As one of the more conventional leaders said to me on my first visit, 'Mark is the one
over there, wearing all the gear.'
I had moved from a nearby but even shittier part of London. Going by one of the
chapters in Michael Gray's Song & Dance Man III, it seems that I was living extremely
close to Robert Shelton, though it is possible that this was not at precisely the same
time. But it could well have been. And there is a colossal irony in it. I thoroughly
enjoyed No Direction Home in spite of whatever flaws it may technically have had,
and would have loved to have met him. Especially as I was pretty depressed at the
time, and gather he was too.
Anyway, Mark had lived in NY, and regularly gloried in it as if it were some great
achievement. I was unimpressed and just glazed over or did one of my derisory Bronx
impoisonations.
The tapes had some Oh Mercy outtakes on too. So Mark was keen to name check
Daniel Lanois. But I found it funny that such a self-styled authority on music and
supposed former employee of Columbia pronounced Lanois's name in an Anglicized
manner: Lanowis. He grinned sheepishly when I suggested it was LanWA, particularly
given that the guy is, I think, Canadian. It was Mick the mechanic who had tipped me
off about the upcoming Brixton concerts, as he had heard an ad on the radio.
Straight after moaning about Sly and/or Robbie's playing, Mark also claimed,
teasingly, to have worked for Bob Dylan.
'Well, you said you'd worked for Columbia, OK, but that is not working for Bob Dylan.'
But he replied that he was the press officer or something, and that he used to get 'all
these calls asking [him] to explain what on earth Dylan was on about in Slow Train
Coming and Saved, could [he] explain it to them because they were so confused? So,
implicitly, it was Mark's job to 'explain' for the taciturn Dylan (who was paying his
wages for this invaluable service) - notwithstanding his Jesus stage raps and verbosity
on the albums.
So that is working for Bob Dylan? His right-hand man? But is any of it even remotely
true? If it was supposedly during Dylan's preachy phase it must have been in the very
early 80s.
Anyway, soon I had my own bust-up with Mark. It was over some missing belongings
of mine after I had been away for a few weeks. When I got back, some of them
weren't there anymore. I called him a charlatan, which left him pretty shaken up. And
his last words to me were, 'Fuck you'. In Jesus' name, of course.
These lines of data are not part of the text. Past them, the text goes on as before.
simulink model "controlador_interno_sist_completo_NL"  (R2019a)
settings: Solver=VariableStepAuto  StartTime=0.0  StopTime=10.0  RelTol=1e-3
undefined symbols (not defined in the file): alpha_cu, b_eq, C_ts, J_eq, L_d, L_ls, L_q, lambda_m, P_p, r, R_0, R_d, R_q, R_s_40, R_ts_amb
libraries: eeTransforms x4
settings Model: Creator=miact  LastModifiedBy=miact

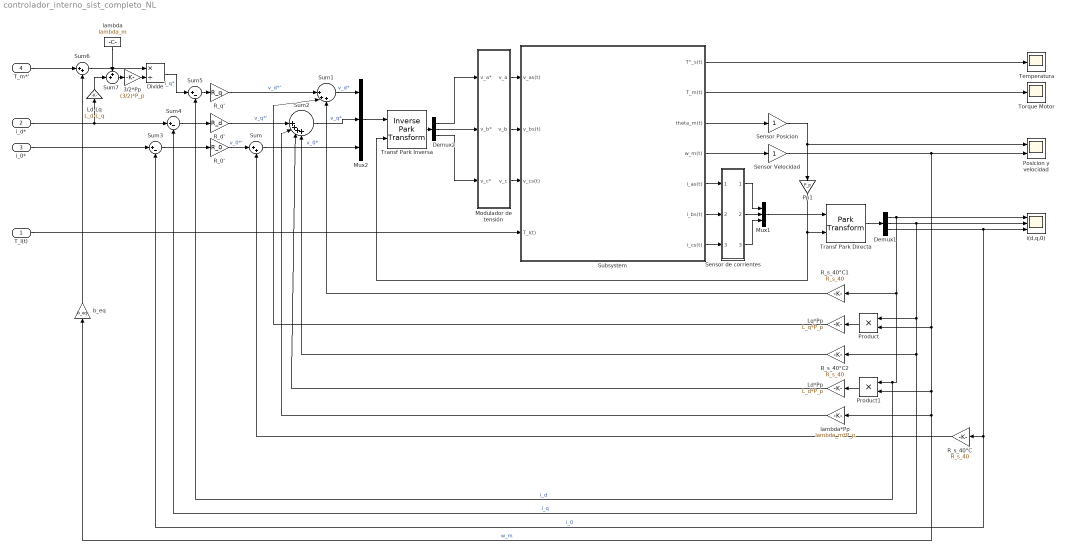
== system controlador_interno_sist_completo_NL ==
  T_l(t) : Inport
  i_d* : Inport  Port=2
  i_0* : Inport  Port=3
  T_m*' : Inport  Port=4
  3/2*Pp : Gain  Gain=(3/2)*P_p
  Demux1 : Demux  Outputs=3
  Demux2 : Demux  Outputs=3
  Divide : Product  Inputs=*/
  Ld*Pp : Gain  Gain=L_d*P_p
  "Ld-Lq " : Gain  Gain=L_d-L_q
  Lq*Pp : Gain  Gain=L_q*P_p
  Modulador de tensión : Subsystem
  Mux1 : Mux  Inputs=3
  Mux2 : Mux  Inputs=3
  Posicion y velocidad : Scope  NumInputPorts=2
  Pp1 : Gain  Gain=P_p
  Product : Product
  Product1 : Product
  "R_0' " : Gain  Gain=R_0
  R_d' : Gain  Gain=R_d
  R_q' : Gain  Gain=R_q
  R_s_40°C : Gain  Gain=R_s_40
  R_s_40°C1 : Gain  Gain=R_s_40
  R_s_40°C2 : Gain  Gain=R_s_40
  Sensor Posicion : Gain
  Sensor Velocidad : Gain
  Sensor de corrientes : Subsystem
  Subsystem : Subsystem
  Sum : Sum  Inputs=|++
  Sum1 : Sum  Inputs=||+++
  Sum2 : Sum  Inputs=|||++++
  Sum3 : Sum  Inputs=|+-
  Sum4 : Sum  Inputs=|+-
  Sum5 : Sum  Inputs=|+-
  Sum6 : Sum  Inputs=|++
  Sum7 : Sum  Inputs=++|
  Temperatura : Scope
  Torque Motor : Scope
  Transf Park Inversa : eeTransforms/Inverse Park Transform  AxisAlignment=Q-axis  PowerInvariant=off
      settings: SourceProductName=Simscape Electrical
  Transf Park Directa : eeTransforms/Park Transform  AxisAlignment=Q-axis  PowerInvariant=off
      settings: SourceProductName=Simscape Electrical
  b_eq : Gain  Gain=b_eq
  "i(d,q,0) " : Scope  NumInputPorts=3
  lambda : Constant  Value=lambda_m
  lambda*Pp : Gain  Gain=lambda_m*P_p
  wires:
  Subsystem/1(T°_s(t)) -> Temperatura/1
  Subsystem/2("T_m(t) ") -> Torque Motor/1
  Subsystem/5(i_as(t)) -> Sensor de corrientes/1("I_a ")
  Subsystem/6(i_bs(t)) -> Sensor de corrientes/2(I_b)
  Subsystem/7(i_cs(t)) -> Sensor de corrientes/3(I_c)
  Subsystem/3(theta_m(t)) -> Sensor Posicion/1
  Sensor Posicion/1 -> Posicion y velocidad/1, Pp1/1
  Subsystem/4(w_m(t)) -> Sensor Velocidad/1
  Sensor Velocidad/1 -> b_eq/1, lambda*Pp/1, Product1/2, Product/2, Posicion y velocidad/2  "w_m"
  Mux1/1 -> Transf Park Directa/1
  Sensor de corrientes/1(i_a) -> Mux1/1
  Sensor de corrientes/2(i_b) -> Mux1/2
  Sensor de corrientes/3(i_c) -> Mux1/3
  Transf Park Directa/1 -> Demux1/1
  Pp1/1 -> Transf Park Directa/2, Transf Park Inversa/2
  Modulador de tensión/1(v_a) -> Subsystem/1(v_as(t))
  Modulador de tensión/2(v_b) -> Subsystem/2(v_bs(t))
  Modulador de tensión/3(v_c) -> Subsystem/3(v_cs(t))
  Transf Park Inversa/1 -> Demux2/1
  Demux2/1 -> Modulador de tensión/1(v_a*)
  Demux2/2 -> Modulador de tensión/2(v_b*)
  Demux2/3 -> Modulador de tensión/3(v_c*)
  Mux2/1 -> Transf Park Inversa/1
  Demux1/3 -> "i(d,q,0) "/3, R_s_40°C/1, Sum3/2  "i_0"
  Sum/1 -> Mux2/3  "v_0*"
  R_s_40°C/1 -> Sum/2
  Demux1/1 -> "i(d,q,0) "/1, R_s_40°C1/1, Product1/1, Sum5/2  "i_d"
  Sum1/1 -> Mux2/1  "v_d*"
  R_s_40°C1/1 -> Sum1/3
  Demux1/2 -> R_s_40°C2/1, Sum4/2, Product/1, "i(d,q,0) "/2  "i_q"
  Product/1 -> Lq*Pp/1
  Lq*Pp/1 -> Sum1/2
  Sum2/1 -> Mux2/2  "v_q*"
  R_s_40°C2/1 -> Sum2/4
  Product1/1 -> Ld*Pp/1
  Ld*Pp/1 -> Sum2/3
  lambda*Pp/1 -> Sum2/2
  R_q'/1 -> Sum1/1  "v_d*'"
  R_d'/1 -> Sum2/1  "v_q*'"
  "R_0' "/1 -> Sum/1  "v_0*'"
  Sum3/1 -> "R_0' "/1
  Sum4/1 -> R_d'/1
  Sum5/1 -> R_q'/1
  Divide/1 -> Sum5/1  "i_q*"
  T_l(t)/1 -> Subsystem/4(T_l(t))
  i_0*/1 -> Sum3/1
  Sum6/1 -> Divide/1
  3/2*Pp/1 -> Divide/2
  Sum7/1 -> 3/2*Pp/1
  lambda/1 -> Sum7/1
  "Ld-Lq "/1 -> Sum7/2
  i_d*/1 -> "Ld-Lq "/1, Sum4/1
  b_eq/1 -> Sum6/2
  T_m*'/1 -> Sum6/1

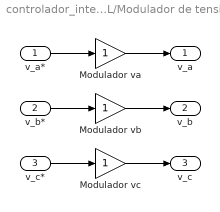
== system controlador_interno_sist_completo_NL/Modulador de tensión ==
  v_a* : Inport
  v_b* : Inport  Port=2
  v_c* : Inport  Port=3
  Modulador va : Gain
  Modulador vb : Gain
  Modulador vc : Gain
  v_a : Outport
  v_b : Outport  Port=2
  v_c : Outport  Port=3
  wires:
  v_c*/1 -> Modulador vc/1
  Modulador va/1 -> v_a/1
  v_b*/1 -> Modulador vb/1
  Modulador vb/1 -> v_b/1
  Modulador vc/1 -> v_c/1
  v_a*/1 -> Modulador va/1

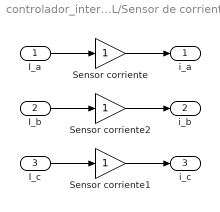
== system controlador_interno_sist_completo_NL/Sensor de corrientes ==
  "I_a " : Inport
  I_b : Inport  Port=2
  I_c : Inport  Port=3
  Sensor corriente : Gain
  Sensor corriente1 : Gain
  Sensor corriente2 : Gain
  i_a : Outport
  i_b : Outport  Port=2
  i_c : Outport  Port=3
  wires:
  I_c/1 -> Sensor corriente1/1
  Sensor corriente/1 -> i_a/1
  I_b/1 -> Sensor corriente2/1
  Sensor corriente2/1 -> i_b/1
  Sensor corriente1/1 -> i_c/1
  "I_a "/1 -> Sensor corriente/1

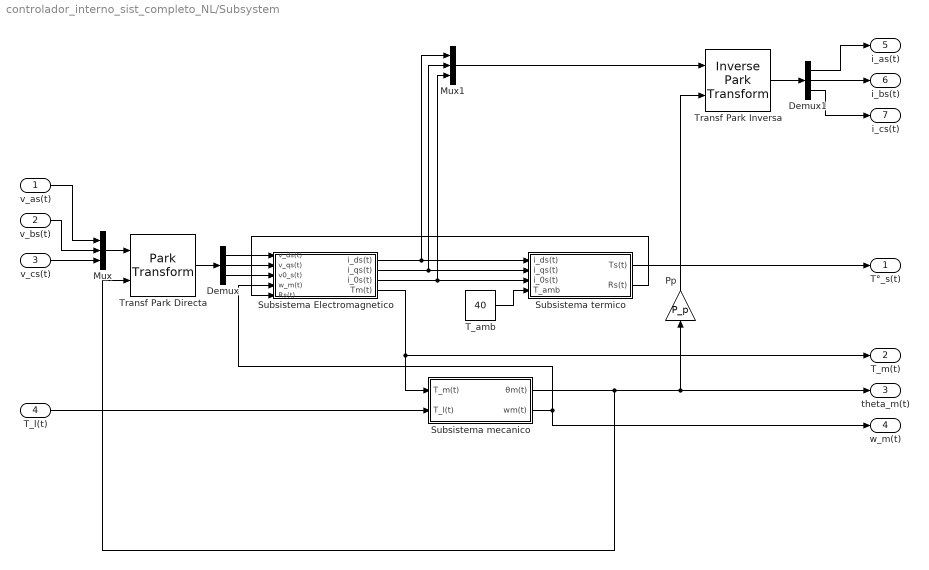
== system controlador_interno_sist_completo_NL/Subsystem ==
  v_as(t) : Inport
  v_bs(t) : Inport  Port=2
  v_cs(t) : Inport  Port=3
  T_l(t) : Inport  Port=4
  Demux : Demux  Outputs=3
  Demux1 : Demux  Outputs=3
  Mux : Mux  Inputs=3
  Mux1 : Mux  Inputs=3
  Pp : Gain  Gain=P_p
  Subsistema Electromagnetico : Subsystem
  "Subsistema mecanico " : Subsystem
  "Subsistema termico " : Subsystem
  T_amb : Constant  Value=40
  Transf Park Inversa : eeTransforms/Inverse Park Transform  AxisAlignment=Q-axis  PowerInvariant=off
      settings: SourceProductName=Simscape Electrical
  Transf Park Directa : eeTransforms/Park Transform  AxisAlignment=Q-axis  PowerInvariant=off
      settings: SourceProductName=Simscape Electrical
  T°_s(t) : Outport
  "T_m(t) " : Outport  Port=2
  theta_m(t) : Outport  Port=3
  w_m(t) : Outport  Port=4
  i_as(t) : Outport  Port=5
  i_bs(t) : Outport  Port=6
  i_cs(t) : Outport  Port=7
  wires:
  T_amb/1 -> "Subsistema termico "/4(T_amb)
  "Subsistema termico "/2(Rs(t)) -> Subsistema Electromagnetico/5("Rs(t) ")
  "Subsistema termico "/1(Ts(t)) -> T°_s(t)/1
  Subsistema Electromagnetico/2("i_qs(t) ") -> Mux1/2, "Subsistema termico "/2("i_qs(t) ")
  "Subsistema mecanico "/2(wm(t)) -> w_m(t)/1, Subsistema Electromagnetico/4(w_m(t))
  Subsistema Electromagnetico/1(i_ds(t)) -> Mux1/1, "Subsistema termico "/1("i_ds(t) ")
  Subsistema Electromagnetico/3("i_0s(t) ") -> Mux1/3, "Subsistema termico "/3(i_0s(t))
  "Subsistema mecanico "/1(θm(t)) -> Transf Park Directa/2, Pp/1, theta_m(t)/1
  Pp/1 -> Transf Park Inversa/2
  T_l(t)/1 -> "Subsistema mecanico "/2("T_l(t) ")
  Mux/1 -> Transf Park Directa/1
  v_as(t)/1 -> Mux/1
  v_bs(t)/1 -> Mux/2
  v_cs(t)/1 -> Mux/3
  Transf Park Directa/1 -> Demux/1
  Demux/3 -> Subsistema Electromagnetico/3(v0_s(t))
  Mux1/1 -> Transf Park Inversa/1
  Subsistema Electromagnetico/4(Tm(t)) -> "Subsistema mecanico "/1("T_m(t) "), "T_m(t) "/1
  Transf Park Inversa/1 -> Demux1/1
  Demux1/1 -> i_as(t)/1
  Demux1/2 -> i_bs(t)/1
  Demux1/3 -> i_cs(t)/1
  Demux/1 -> Subsistema Electromagnetico/1(v_ds(t))
  Demux/2 -> Subsistema Electromagnetico/2(v_qs(t))

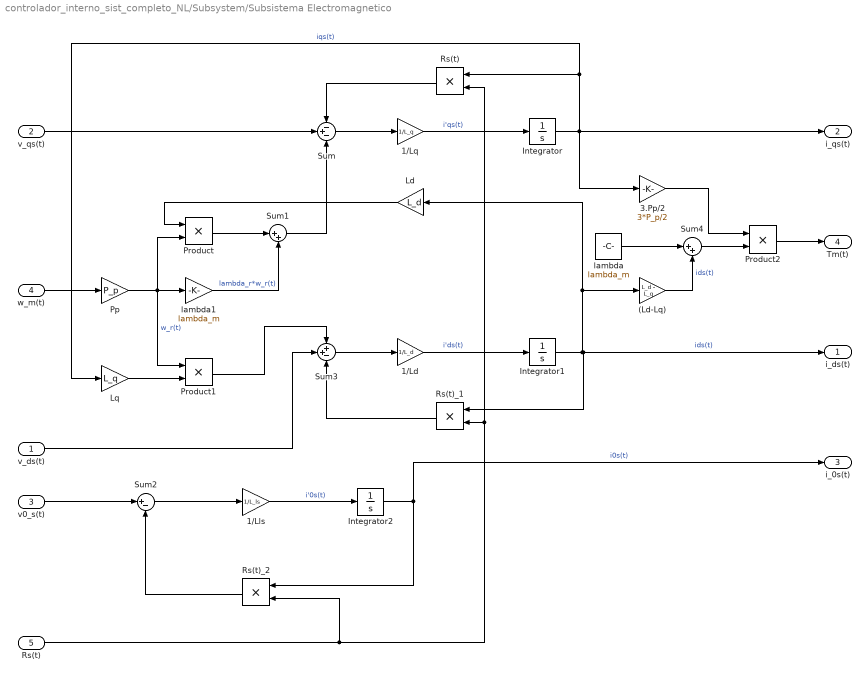
== system controlador_interno_sist_completo_NL/Subsystem/Subsistema Electromagnetico ==
  v_ds(t) : Inport
  v_qs(t) : Inport  Port=2
  v0_s(t) : Inport  Port=3
  w_m(t) : Inport  Port=4
  "Rs(t) " : Inport  Port=5
  (Ld-Lq) : Gain  Gain=L_d - L_q
  1/Ld : Gain  Gain=1/L_d
  1/Lls : Gain  Gain=1/L_ls
  1/Lq : Gain  Gain=1/L_q
  3.Pp/2 : Gain  Gain=3*P_p/2
  Integrator : Integrator
  Integrator1 : Integrator
  Integrator2 : Integrator
  Ld : Gain  Gain=L_d
  Lq : Gain  Gain=L_q
  Pp : Gain  Gain=P_p
  Product : Product
  Product1 : Product
  Product2 : Product
  Rs(t) : Product
  Rs(t)_1 : Product
  Rs(t)_2 : Product
  Sum : Sum  Inputs=-+-
  Sum1 : Sum  Inputs=|++
  Sum2 : Sum  Inputs=|+-
  Sum3 : Sum  Inputs=++-
  Sum4 : Sum  Inputs=|++
  lambda : Constant  Value=lambda_m
  lambda1 : Gain  Gain=lambda_m
  i_ds(t) : Outport
  "i_qs(t) " : Outport  Port=2
  "i_0s(t) " : Outport  Port=3
  Tm(t) : Outport  Port=4
  wires:
  w_m(t)/1 -> Pp/1
  Pp/1 -> Product1/1, Product/2, lambda1/1  "w_r(t)"
  Sum/1 -> 1/Lq/1
  1/Lq/1 -> Integrator/1  "i'qs(t)"
  Sum1/1 -> Sum/3
  v_qs(t)/1 -> Sum/2
  Integrator/1 -> Lq/1, Rs(t)/1, 3.Pp/2/1, "i_qs(t) "/1  "iqs(t)"
  lambda1/1 -> Sum1/2  "lambda_r*w_r(t)"
  Product/1 -> Sum1/1
  v_ds(t)/1 -> Sum3/2
  Sum3/1 -> 1/Ld/1
  Product1/1 -> Sum3/1
  1/Ld/1 -> Integrator1/1  "i'ds(t)"
  Integrator1/1 -> Ld/1, (Ld-Lq)/1, Rs(t)_1/1, i_ds(t)/1  "ids(t)"
  Lq/1 -> Product1/2
  Ld/1 -> Product/1
  v0_s(t)/1 -> Sum2/1
  Rs(t)_2/1 -> Sum2/2
  Sum2/1 -> 1/Lls/1
  1/Lls/1 -> Integrator2/1  "i'0s(t)"
  Integrator2/1 -> Rs(t)_2/1, "i_0s(t) "/1  "i0s(t)"
  (Ld-Lq)/1 -> Sum4/2  "ids(t)"
  lambda/1 -> Sum4/1
  Sum4/1 -> Product2/2
  Product2/1 -> Tm(t)/1
  3.Pp/2/1 -> Product2/1
  "Rs(t) "/1 -> Rs(t)_2/2, Rs(t)/2, Rs(t)_1/2
  Rs(t)_1/1 -> Sum3/3
  Rs(t)/1 -> Sum/1

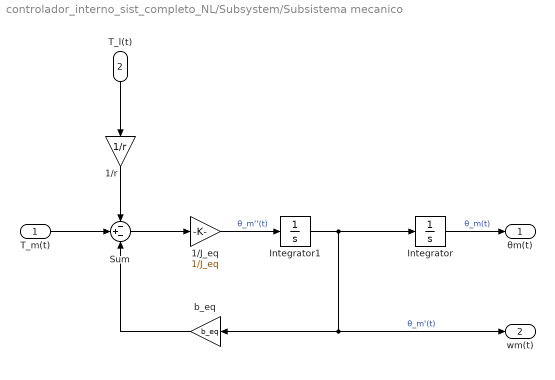
== system controlador_interno_sist_completo_NL/Subsystem/Subsistema mecanico  ==
  "T_m(t) " : Inport
  "T_l(t) " : Inport  Port=2
  "1/J_eq " : Gain  Gain=1/J_eq
  1/r : Gain  Gain=1/r
  Integrator : Integrator
  Integrator1 : Integrator
  Sum : Sum  Inputs=-+-
  b_eq : Gain  Gain=b_eq
  θm(t) : Outport
  wm(t) : Outport  Port=2
  wires:
  Integrator1/1 -> b_eq/1, wm(t)/1, Integrator/1  "θ_m'(t)"
  Sum/1 -> "1/J_eq "/1
  b_eq/1 -> Sum/3
  "1/J_eq "/1 -> Integrator1/1  "θ_m''(t)"
  Integrator/1 -> θm(t)/1  "θ_m(t)"
  "T_m(t) "/1 -> Sum/2
  "T_l(t) "/1 -> 1/r/1
  1/r/1 -> Sum/1

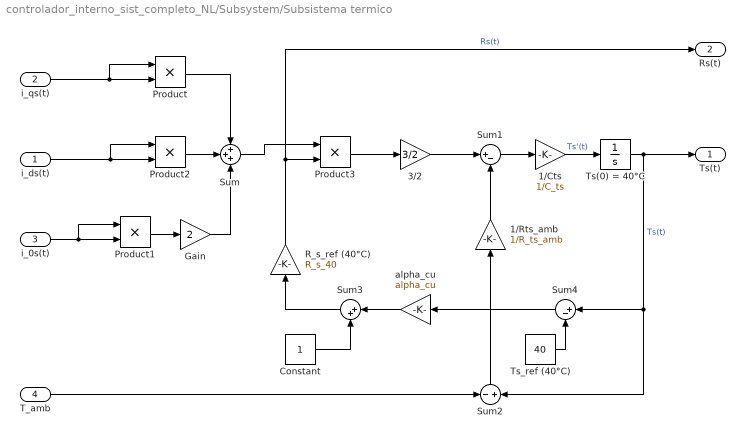
== system controlador_interno_sist_completo_NL/Subsystem/Subsistema termico  ==
  "i_ds(t) " : Inport
  "i_qs(t) " : Inport  Port=2
  i_0s(t) : Inport  Port=3
  T_amb : Inport  Port=4
  1/Cts : Gain  Gain=1/C_ts
  1/Rts_amb : Gain  Gain=1/R_ts_amb
  3/2 : Gain  Gain=3/2
  Constant : Constant
  Gain : Gain  Gain=2
  Product{,1..3} (4 alike) : Product
  R_s_ref (40°C) : Gain  Gain=R_s_40
  Sum : Sum  Inputs=+++
  Sum1 : Sum  Inputs=|+-
  Sum2 : Sum  Inputs=-|+
  Sum3 : Sum  Inputs=|++
  Sum4 : Sum  Inputs=|+-
  Ts(0) = 40°C : Integrator  InitialCondition=40
  Ts_ref (40°C) : Constant  Value=40
  alpha_cu : Gain  Gain=alpha_cu
  Ts(t) : Outport
  Rs(t) : Outport  Port=2
  wires:
  i_0s(t)/1 -> Product1/1, Product1/2
  "i_ds(t) "/1 -> Product2/1, Product2/2
  "i_qs(t) "/1 -> Product/1, Product/2
  Product/1 -> Sum/1
  Product2/1 -> Sum/2
  Ts(0) = 40°C/1 -> Sum4/1, Sum2/2, Ts(t)/1  "Ts(t)"
  T_amb/1 -> Sum2/1
  Sum2/1 -> 1/Rts_amb/1
  1/Rts_amb/1 -> Sum1/2
  Sum1/1 -> 1/Cts/1
  1/Cts/1 -> Ts(0) = 40°C/1  "Ts'(t)"
  Constant/1 -> Sum3/2
  alpha_cu/1 -> Sum3/1
  Sum3/1 -> R_s_ref (40°C)/1
  R_s_ref (40°C)/1 -> Rs(t)/1, Product3/2  "Rs(t)"
  Sum/1 -> Product3/1
  Product3/1 -> 3/2/1
  3/2/1 -> Sum1/1
  Ts_ref (40°C)/1 -> Sum4/2
  Sum4/1 -> alpha_cu/1
  Gain/1 -> Sum/3
  Product1/1 -> Gain/1

Oh, I almost forgot. Mark was highly amused when I mentioned that Dylan had some
band in his youth called Elston Gunn.
I just checked on Facebook. This looks very like him, but it is fifteen years on, so I'm
not certain. But he does call himself mad hippy, which certainly fits (though when I
called him one his wife got upset and said she saw him more as hip-hop) ...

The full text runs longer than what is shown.